Sunday, August 02, 2009

The U.S. Economy -- 18 months into recession

In my last posting, I made the statement that "fundamental" factors were weak or absent in supporting the theory of an economic recovery ("green shoots). What exactly are the fundatmental factors for us to monitor and consider?

- Unemployment
- Consumer Spending
- Consumer Debt


The US economy appears to be stabilizing, and perhaps it has reached the "half-way point" or the "bottom" of the present recession. What is driving this confidence? Government spending and cheap money are the dominant reasons. Many people commented upon my last post with warnings of "excessive government employment and spending." They may well be right. Our government increased expenditures and direct payments to our citizens by 6 percent last quarter according to the Financial Times of London. Also, the federal reserve is "printing" money by keeping interest rates near ZERO, making the residential and commercial real estate crisis seem less intense. These same dollars are chasing the stock and bond market and driving them upwards.

So back to fundamentals: if consumers spend less and save more in order to lower their household debt (mortgage, second mortgage, credit cards), then the economy will not recover to 2007 levels. Consumer spending accounts for 60%+ of our GDP. The fear of job loss or lower future incomes, or the reality of high and increasing unemployment, will also depress consumer spending. Obviously those out of work will spend less. And while it is a bitter pill for us all in the short-term, households, much like our government, need to lower our debt burden.

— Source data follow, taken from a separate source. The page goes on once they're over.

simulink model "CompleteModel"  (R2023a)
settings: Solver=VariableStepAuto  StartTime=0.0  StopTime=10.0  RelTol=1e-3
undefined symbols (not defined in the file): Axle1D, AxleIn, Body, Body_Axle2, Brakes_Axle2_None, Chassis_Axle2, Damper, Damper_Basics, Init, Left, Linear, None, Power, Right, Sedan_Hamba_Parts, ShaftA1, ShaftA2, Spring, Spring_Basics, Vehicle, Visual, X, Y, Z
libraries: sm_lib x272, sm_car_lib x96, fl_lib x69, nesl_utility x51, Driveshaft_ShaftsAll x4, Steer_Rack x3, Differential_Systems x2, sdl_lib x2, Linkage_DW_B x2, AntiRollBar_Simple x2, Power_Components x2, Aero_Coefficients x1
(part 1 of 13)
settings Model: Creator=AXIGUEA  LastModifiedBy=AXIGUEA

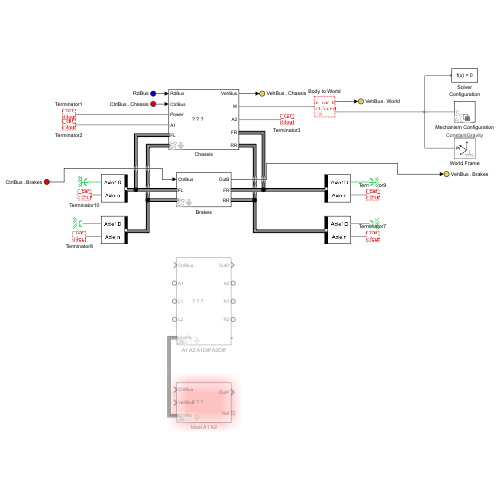
[thumbnail: Simulink's stored preview of the top-level diagram]
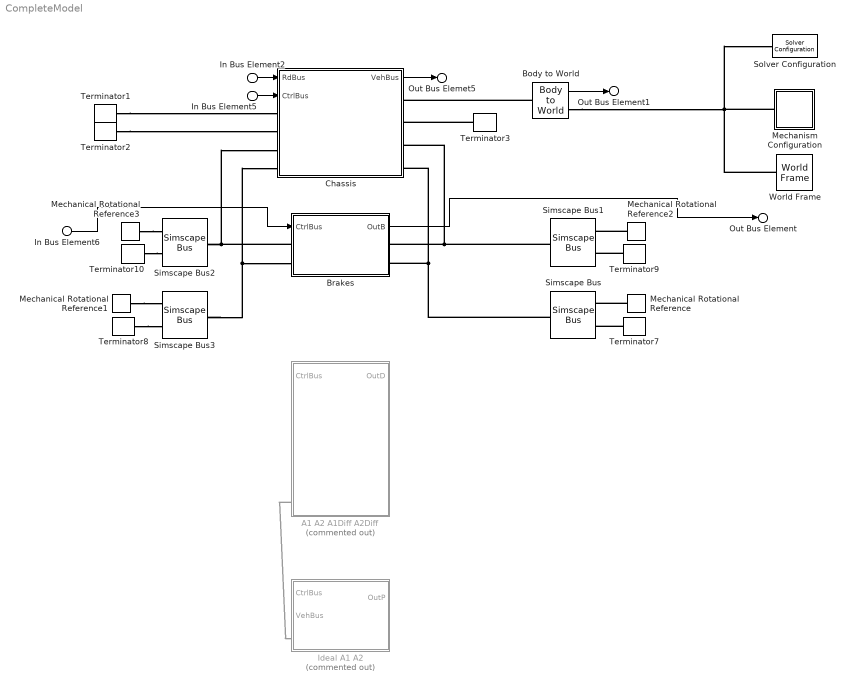
== system CompleteModel ==
  In Bus Element2 : Inport  PortName=RdBus
  In Bus Element5 : Inport  Port=2  PortName=CtrlBus  Element=Chassis
  In Bus Element6 : Inport  Port=2  PortName=CtrlBus  Element=Brakes
  A1 A2 A1Diff A2Diff : Subsystem  Tag=PublishSubsystem  Commented=on  AncestorBlock=Driveline_Axle2_A1_A2_A1Diff_A2Diff/A1 A2 A1Diff A2Diff  VariantControl=A1_A2_A1Diff_A2Diff  mask(Driveline, Two-Axle, Two Input Shaft){InitTriggerDropdown=1}
      mask prompts: InitTriggerDropdown "Initialization Trigger Dropdown"
      mask help: Models two-axle drivelines with differentials on front and rear axles.
      mask init:
      | curblk = gcb;
      | 
      | % Trigger Mask Initialization for 
      | % variant subsystems below this level
      | sm_car_lib_maskInitTrigger(curblk)
      settings: LibrarySourceBlock=Driveline_Axle2_A1_A2_A1Diff_A2Diff/A1 A2 A1Diff A2Diff
      mask TypeOptions InitTriggerDropdown: 0 | 1
      mask Display: image('sm_car_vehicle_driveline_axle2_a1_a2_a1diff_a2diff_IMAGE.png');
  Body to World : sm_car_lib/Body/Body to World  Init=Init.Chassis  SpecifyPosTarget=on
  Brakes : Subsystem  Tag=PublishSubsystem  AncestorBlock=Brakes_Axle2_None/None  VariantControl=None  mask(Brake System Placeholder){}
      mask help: Empty subsystem, used as a variant that omits braking system.
      settings: LibrarySourceBlock=Brakes_Axle2_None/None
  Chassis : Subsystem  Tag=PublishSubsystem  AncestorBlock=Chassis_Axle2/Chassis  VariantControl=Chassis  mask(Chassis){Chassis=Vehicle.Chassis, Init=Init, InitTriggerDropdown=1, mask_image_name=sm_car_vehicle_chassis_hamba_IMAGE.png}
      mask prompts: Chassis "Vehicle Parameters"; Init "Initial Values"; InitTriggerDropdown "Initialization Trigger Dropdown"; mask_image_name "Mask Image (string)"
      mask help: Models vehicle chassis, with suspension, body, tires, springs, and dampers.
      mask init:
      | curblk = gcb;
      | 
      | % Trigger Mask Initialization for 
      | % variant subsystems below this level
      | sm_car_lib_maskInitTrigger(curblk)
      settings: LibrarySourceBlock=Chassis_Axle2/Chassis
      mask Help: web('sm_car_doc_chassis.html')
      mask TypeOptions InitTriggerDropdown: 0 | 1
      mask Display:
      | % Get image from BodyGeometry.class
      | % (active choice for Body Geometry subsystem)
      | temp_veh_bg_class = lower(get_param([gcb '/Body/Body Geometry'],'LabelModeActiveChoice'));
      | 
      | imagestr = (['sm_car_chassis_' temp_veh_bg_class '.png']);
      | if(~exist(imagestr))
      |     imagestr = ['sm_car_chassis_default.png'];
      | end
      | 
      | image(imagestr);
  Ideal A1 A2 : Subsystem  Commented=on  AncestorBlock=Power_Shaft2_Ideal_A1_A2/Ideal A1 A2  VariantControl=Ideal_A1_A2  mask(Two Ideal Motors, Axles 1 and 2){motor_ts_a1=Power.ActuatorCutoffA1.Value, motor_ts_a2=Power.ActuatorCutoffA2.Value}
      mask prompts: motor_ts_a1 "Axle 1 Motor Cutoff Frequency (Hz)"; motor_ts_a2 "Axle 2 Motor Cutoff Frequency (Hz)"
      mask help: Models two ideal motors connected to first and second axles in vehicle driveline.
      settings: LibrarySourceBlock=Power_Shaft2_Ideal_A1_A2/Ideal A1 A2
      mask Display: image('sm_car_vehicle_power_ideal2motor_IMAGE.png');
  Mechanical Rotational Reference{,1..3} (4 alike) : fl_lib/Mechanical/Rotational Elements/Mechanical Rotational Reference
  Mechanism Configuration : Subsystem  AncestorBlock=sm_car_lib/Environment/CarWorldConfig/Mechanism Configuration  Variant=on  VariantControlMode=label  VariantControl=Choice  LabelModeActiveChoice=ConstantGravity
      settings: AttributesFormatString=%<LabelModeActiveChoice>  LibrarySourceBlock=sm_car_lib/Environment/CarWorldConfig/Mechanism Configuration
      mask Display: disp(' ');
  Simscape Bus{,1..3} (4 alike) : SimscapeBus  HierarchyStrings=Axle1D;AxleIn
  Solver Configuration : nesl_utility/Solver Configuration  PhysicalDomain=network_engine_domain  SubClassName=solver  LeftPortType=input  RightPortType=generic  Tones=[]  Harmonics=[]  SimulateNoise=off  Profile=off  UseLocalSampling=off  EnableSwitchedLinearOptims=on  FrequencyDomain=off  UseCCode=off  RelTol=0.001  AbsTol=1e-06  MinStep=1e-09  ToWorkspace=off  RevertToSquareIcSolve=off  NumHomotopyIterations=100  PhasorMode=off  PhasorModeNumHarmonics=1  ConsistencySolver=NEWTON_FTOL  IndexReductionMethod=DerivativeReplacement  DoDC=off  ResidualTolerance=1e-9  ConsistencyTolSource=GLOBAL  ConsistencyAbsTol=0.001  ConsistencyRelTol=0.001  ConsistencyTolFactor=0.001  UseLocalSolver=on  LocalSolverChoice=NE_BACKWARD_EULER_ADVANCER  ResolveIndetEquations=on  FunctionEvalNumThread=1  LocalSolverSampleTime=0.005  DoFixedCost=on  MaxNonlinIter=3  MaxModeIter=2  ComputeImpulses=off  ImpulseIterations=2  LinearAlgebra=Sparse  LinearAlgebraNumThread=0  EquationFormulation=NE_TIME_EF  DelaysMemoryBudget=1024  AutomaticFiltering=on  FilteringTimeConstant=0.001  PartitionStorageMethod=AS_NEEDED  PartitionMemoryBudget=1024  PartitionMethod=FAST
  Terminator{1..3,7..10} (7 alike) : sm_car_lib/Utilities/Terminator  SystemSampleTime=-1  VariantActivationTime=update diagram  Latency=0  AutoFrameSizeCalculation=off
  World Frame : sm_lib/Frames and Transforms/World Frame
  Out Bus Element1 : Outport  VectorParamsAs1DForOutWhenUnconnected=off  PortName=VehBus  Element=World
  Out Bus Elemet5 : Outport  VectorParamsAs1DForOutWhenUnconnected=off  PortName=VehBus  Element=Chassis
  Out Bus Element : Outport  VectorParamsAs1DForOutWhenUnconnected=off  PortName=VehBus  Element=Brakes
  wires:
  Body to World/1 -> Out Bus Element1/1
  Chassis/1(VehBus) -> Out Bus Elemet5/1
  In Bus Element2/1 -> Chassis/1(RdBus)
  In Bus Element5/1 -> Chassis/2(CtrlBus)
  In Bus Element6/1 -> Brakes/1(CtrlBus)
  Brakes/1(OutB) -> Out Bus Element/1
  connections:
  Mechanical Rotational Reference/LConn1 -- Simscape Bus/LConn1
  Terminator7/RConn1 -- Simscape Bus/LConn2
  Terminator8/RConn1 -- Simscape Bus3/LConn2
  Mechanical Rotational Reference1/LConn1 -- Simscape Bus3/LConn1
  Terminator9/RConn1 -- Simscape Bus1/LConn2
  Mechanical Rotational Reference2/LConn1 -- Simscape Bus1/LConn1
  Mechanical Rotational Reference3/LConn1 -- Simscape Bus2/LConn1
  Terminator10/RConn1 -- Simscape Bus2/LConn2
  Simscape Bus1/RConn1 -- Brakes/RConn1 -- Chassis/RConn3
  Simscape Bus/RConn1 -- Brakes/RConn2 -- Chassis/RConn4
  Simscape Bus2/RConn1 -- Brakes/LConn1 -- Chassis/LConn3
  Simscape Bus3/RConn1 -- Brakes/LConn2 -- Chassis/LConn4
  Body to World/LConn1 -- Chassis/RConn1
  Terminator3/RConn1 -- Chassis/RConn2
  Terminator1/RConn1 -- Chassis/LConn1
  Terminator2/RConn1 -- Chassis/LConn2
  Mechanism Configuration/RConn1 -- Solver Configuration/RConn1 -- Body to World/RConn1 -- World Frame/RConn1
  A1 A2 A1Diff A2Diff/LConn4 -- Ideal A1 A2/LConn1

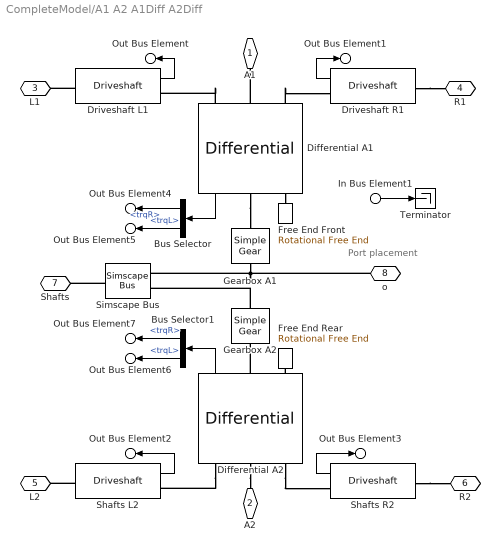
== system CompleteModel/A1 A2 A1Diff A2Diff ==
  note: Port
      | placement
  In Bus Element1 : Inport  PortName=CtrlBus
  Bus Selector : BusSelector  OutputSignals=trqR,trqL
  Bus Selector1 : BusSelector  OutputSignals=trqR,trqL
  Differential A1 : Differential_Systems/Differential  VariantControl=Variant1  LabelModeActiveChoice=Gear1DShafts3D  Differential=Driveline.DifferentialA1  VariantLabel=Driveline.DifferentialA1.class.Value  InitTriggerDropdown=1
      settings: AttributesFormatString=%<ActiveVariant>
  Differential A2 : Differential_Systems/Differential  VariantControl=Variant1  LabelModeActiveChoice=Gear1DShafts1D  Differential=Driveline.DifferentialA2  VariantLabel=Driveline.DifferentialA2.class.Value  InitTriggerDropdown=1
      settings: AttributesFormatString=%<ActiveVariant>
  Driveshaft L1 : Driveshaft_ShaftsAll/Driveshaft  VariantControl=Variant1  LabelModeActiveChoice=Shaft3D  popup_leftRight=Left  Driveshaft=Driveline.DriveshaftL1  VariantLabel=Driveline.DriveshaftL1.class.Value  InitTriggerDropdown=1
      settings: AttributesFormatString=%<ActiveVariant>
  Driveshaft R1 : Driveshaft_ShaftsAll/Driveshaft  VariantControl=Variant1  LabelModeActiveChoice=Shaft3D  popup_leftRight=Right  Driveshaft=Driveline.DriveshaftR1  VariantLabel=Driveline.DriveshaftR1.class.Value  InitTriggerDropdown=1
      settings: AttributesFormatString=%<ActiveVariant>
  Free End Front : fl_lib/Mechanical/Rotational Elements/Rotational Free End  w_specify=off  w_priority=None  w=0 rad/s  w_nominal_specify=off  w_nominal_unit=rad/s  w_nominal_value=1
  Free End Rear : fl_lib/Mechanical/Rotational Elements/Rotational Free End  w_specify=off  w_priority=None  w=0 rad/s  w_nominal_specify=off  w_nominal_unit=rad/s  w_nominal_value=1
  Gearbox A1 : sdl_lib/Gears/Simple Gear  ratio=Driveline.GearboxA1.ratio.Value  rotation_direction=3-2*(1)  friction_model=1  T_noload=0.1 N*m  T_nom=5 N*m  efficiency_nom=0.8  efficiency=0.8  temperature_TLU=[280, 300, 320] K  load_TLU=[1, 5, 10] N*m  efficiency_TLU=[.95, .9, .85]  efficiency_TLU2=[.85, .8, .75; .95, .9, .85; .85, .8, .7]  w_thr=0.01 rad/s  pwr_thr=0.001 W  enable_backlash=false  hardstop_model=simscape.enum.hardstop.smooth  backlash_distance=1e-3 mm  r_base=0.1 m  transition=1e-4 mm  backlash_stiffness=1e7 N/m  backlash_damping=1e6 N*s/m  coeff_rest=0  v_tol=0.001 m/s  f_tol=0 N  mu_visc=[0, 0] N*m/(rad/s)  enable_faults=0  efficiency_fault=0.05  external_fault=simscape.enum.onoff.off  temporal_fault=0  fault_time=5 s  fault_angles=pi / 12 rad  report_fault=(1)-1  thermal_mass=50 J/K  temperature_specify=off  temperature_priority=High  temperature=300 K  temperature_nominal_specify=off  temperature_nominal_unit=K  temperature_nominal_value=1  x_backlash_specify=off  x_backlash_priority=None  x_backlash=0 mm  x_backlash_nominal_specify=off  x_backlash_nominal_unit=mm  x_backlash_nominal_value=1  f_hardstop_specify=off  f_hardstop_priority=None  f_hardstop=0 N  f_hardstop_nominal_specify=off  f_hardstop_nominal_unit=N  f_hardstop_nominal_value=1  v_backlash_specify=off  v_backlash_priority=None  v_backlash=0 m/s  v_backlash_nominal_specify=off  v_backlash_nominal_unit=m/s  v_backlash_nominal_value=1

This is all to say that I believe we will be better and stronger after this recession, but the reasons will be 1) lower household debt with some lasting lessons for savings versus credit 2) fundamental shifts in our employment patterns from less productive and competitive industries to more competitive and productive ones and 3) new processes and approaches to business. On this last point I am speaking primarily through software technology, but also through the elimination of "good old boy" networks and approaches which were more about "who you knew" and not "what makes most sense?" The recession will help to shatter inefficient business practices, and we should all be thankful for that.

Turning to the notion of investing today based upon the above POV, I think people should be buying equities with a 5+ year perspective. In th short term, I believe that there we may see a correction as the S&P 500 approaches 1,000, and therefore use of some inverse funds (I have previously recommended BGZ) may make sense to profit from any pull back. Another defensive strategy is gold (GLD) and food commodities (MOO).